А здесь было скучно и тоскливо: протертый скрипучий стул, настольная лампа с кривым абажуром, допотопный телефонный аппарат, выкрашенные унылой зеленой краской стены, неистребимый едкий запах дезинфекции.
А еще – постоянная непроходящая скука. Разве здесь, в запрудненской городской больнице, может произойти что-нибудь интересное для молодой девушки?
– Самсон, сиди тут. Когда придет лепила, тяни побольше.
– Это как? Тюльку гнать?
– Да, толкай любое фуфло. А я пошел – с понтом сортир шукать.
Оставив Самсона в приемном покое дожидаться прихода дежурного врача, Корень осторожно вышел из комнаты и двинулся по коридору в поисках отделения реанимации.
План, который пришел ему в голову полчаса назад, был хотя и простым, но рискованным. Известно, однако, что не пьет шампанского тот, кто не рискует.
К его счастью, Корень приблизительно знал, где находится палата, в которую после операции положили Катьку Добрынину.

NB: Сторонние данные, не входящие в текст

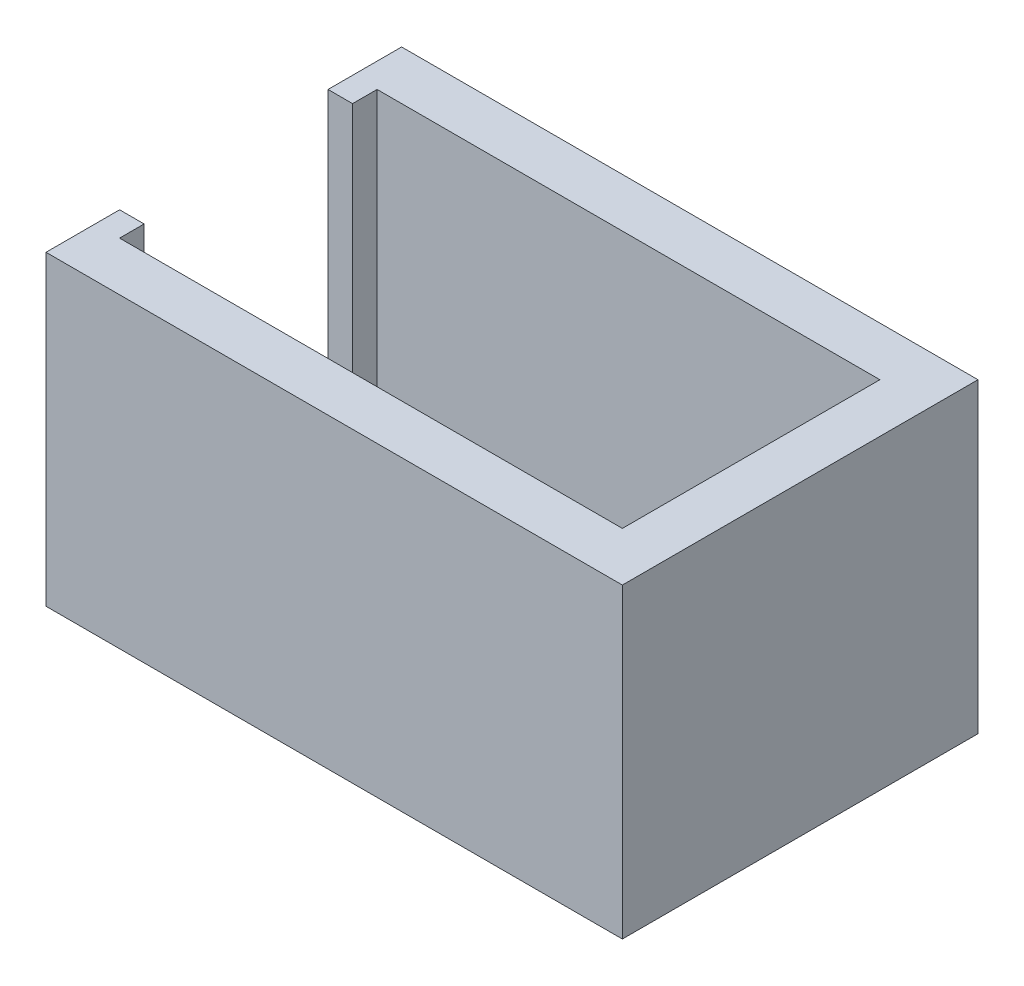
from build123d import *

# Parameters (mm, degrees)
BOSS_EXTRUDE1_DEPTH     = 26.67
SKETCH12_W              = 104.14
SKETCH12_H              = 36.83
BOSS_EXTRUDE2_DEPTH     = 5.08
CUT_EXTRUDE1_DEPTH      = 66.798380109
CUT_EXTRUDE1_DEPTH_BACK = 66.798380109
SKETCH14_W              = 44.45
SKETCH14_H              = 36.83


with BuildPart() as part:
    # Sketch1 → Boss-Extrude1 (new body)
    with BuildSketch(Plane(origin=(0, 0, 0), x_dir=(1, 0, 0), z_dir=(0, 1, 0))):
        Polygon((-49.53, 13.335), (-49.53, 18.415), (54.61, 18.415), (54.61, -18.415), (-49.53, -18.415), (-49.53, -13.335), (-5.08, -13.335), (-5.08, -10.79284188), (-2.54, -10.79284188), (-2.54, -13.335), (49.53, -13.335), (49.53, 13.335), (-2.54, 13.335), (-2.54, 10.79284188), (-5.08, 10.79284188), (-5.08, 13.335), align=None)
    extrude(amount=BOSS_EXTRUDE1_DEPTH)

    # Sketch12 → Boss-Extrude2 (add)
    with BuildSketch(Plane.XZ):
        with Locations((2.54, 0)):
            Rectangle(SKETCH12_W, SKETCH12_H)
    extrude(amount=BOSS_EXTRUDE2_DEPTH)

    # Sketch14 → Cut-Extrude1 (cut, two sides: drawn at the far end of the back side and taken through both)
    with BuildSketch(Plane(origin=(0, 26.67, 0), x_dir=(1, 0, 0), z_dir=(0, 1, 0)).offset(-CUT_EXTRUDE1_DEPTH_BACK)):
        with Locations((-27.305, 0)):
            Rectangle(SKETCH14_W, SKETCH14_H)
    extrude(amount=CUT_EXTRUDE1_DEPTH + CUT_EXTRUDE1_DEPTH_BACK, mode=Mode.SUBTRACT)


solid = part.part

Намедни, перед похоронами Долбана, Зюзя рассказывал, как они с шефом навещали Катьку в больнице. Она, правда, была без сознания, вся в бинтах, и врач упирался, не хотел пускать. Но за каких-то двадцать баксов сам распахнул дверь палаты.
Еще Порожняк добазарился с врачом, чтобы Катька лежала в палате одна, без посторонних. Это, а также обещание обеспечить порожняковской шмаре должный уход и присмотр обошлись Саше дополнительно еще в три сотки гринов.
Тогда, днем, Корень вполуха слушал рассказ Зюзи, не подозревая о ценности подобной информации. Ему никакого дела не было до того, в какой палате и на каком этаже лежит порожняковская бикса.
А вишь, поди ж ты, пригодилось…
Прижимаясь к стенкам и замирая при каждом шорохе, как герой дешевого боевика, Корень пробирался к палате. Опасался он, по большей части, напрасно – в это время больница спала.
Как и предполагала дежурная медсестра, погруженная в чтение любовного романа, ночь выдалась спокойной.
Пока в приемном покое Самсону делали перевязку, Корень без приключений добрался до нужной двери. Несколько секунд он стоял, прижавшись ухом к дверному косяку.